## TASK DIRECTIONS
Reproduce verbatim only the lines from the one containing "- 810156080-2: 810156080" through the last line below, both included.

═══ PROVIDED MATERIAL

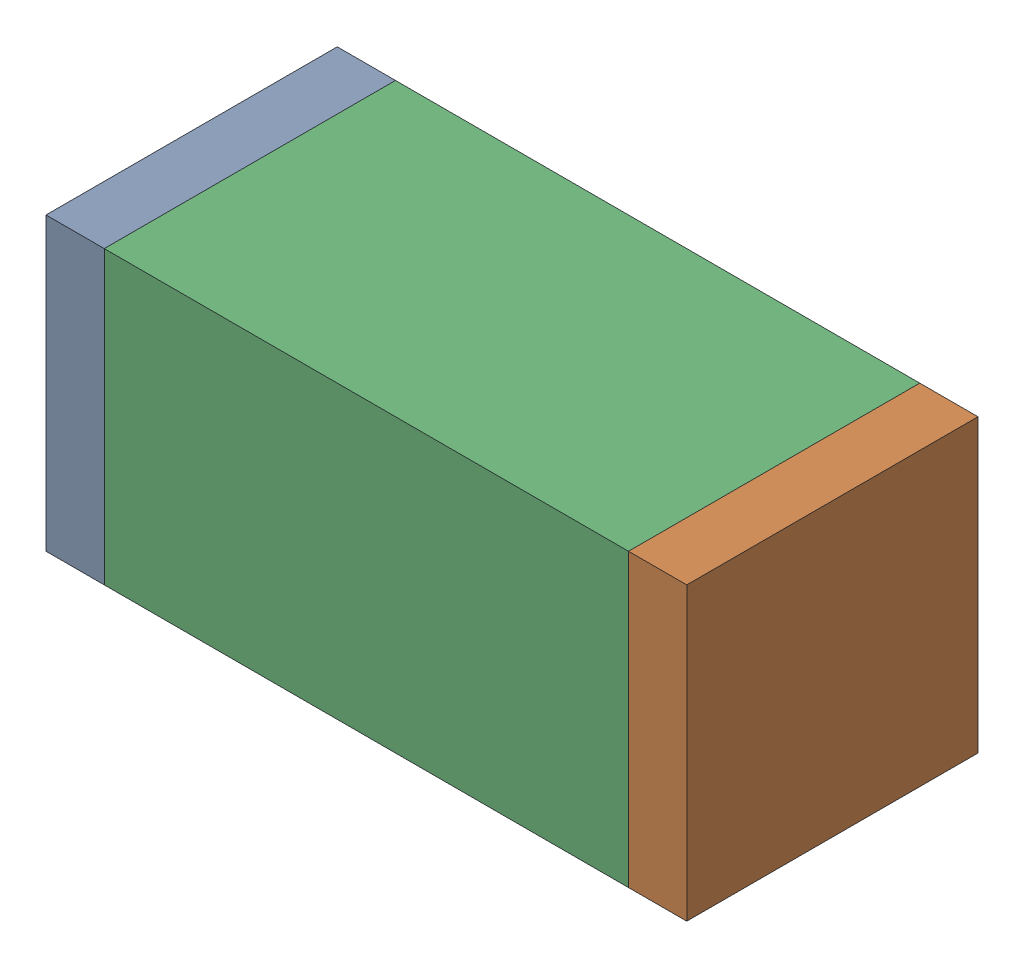
SolidWorks assembly C64, configuration Default. Lengths in mm.
Overall size (1.1 0.5 0.5).
6 component instances, 2 part files, 0 mates.
Components (placement in the parent):
- 810156080-1: 810156080 [Default] at (119.1 54.4 0) size (0.1 0.5 0.5)
  - Extruded_5-1: Extruded_5 [Default] at origin size (0.1 0.5 0.5)
- 810156080-2: 810156080 [Default] at (120.1 54.4 0) size (0.1 0.5 0.5)
  - Extruded_5-1: Extruded_5 [Default] at origin size (0.1 0.5 0.5)
- 836749680-1: 836749680 [Default] at (119.6 54.4 0) size (0.9 0.5 0.5)
  - Extruded_4-1: Extruded_4 [Default] at origin size (0.9 0.5 0.5)

══════

## PROBLEM SOLUTION
- 810156080-2: 810156080 [Default] at (120.1 54.4 0) size (0.1 0.5 0.5)
  - Extruded_5-1: Extruded_5 [Default] at origin size (0.1 0.5 0.5)
- 836749680-1: 836749680 [Default] at (119.6 54.4 0) size (0.9 0.5 0.5)
  - Extruded_4-1: Extruded_4 [Default] at origin size (0.9 0.5 0.5)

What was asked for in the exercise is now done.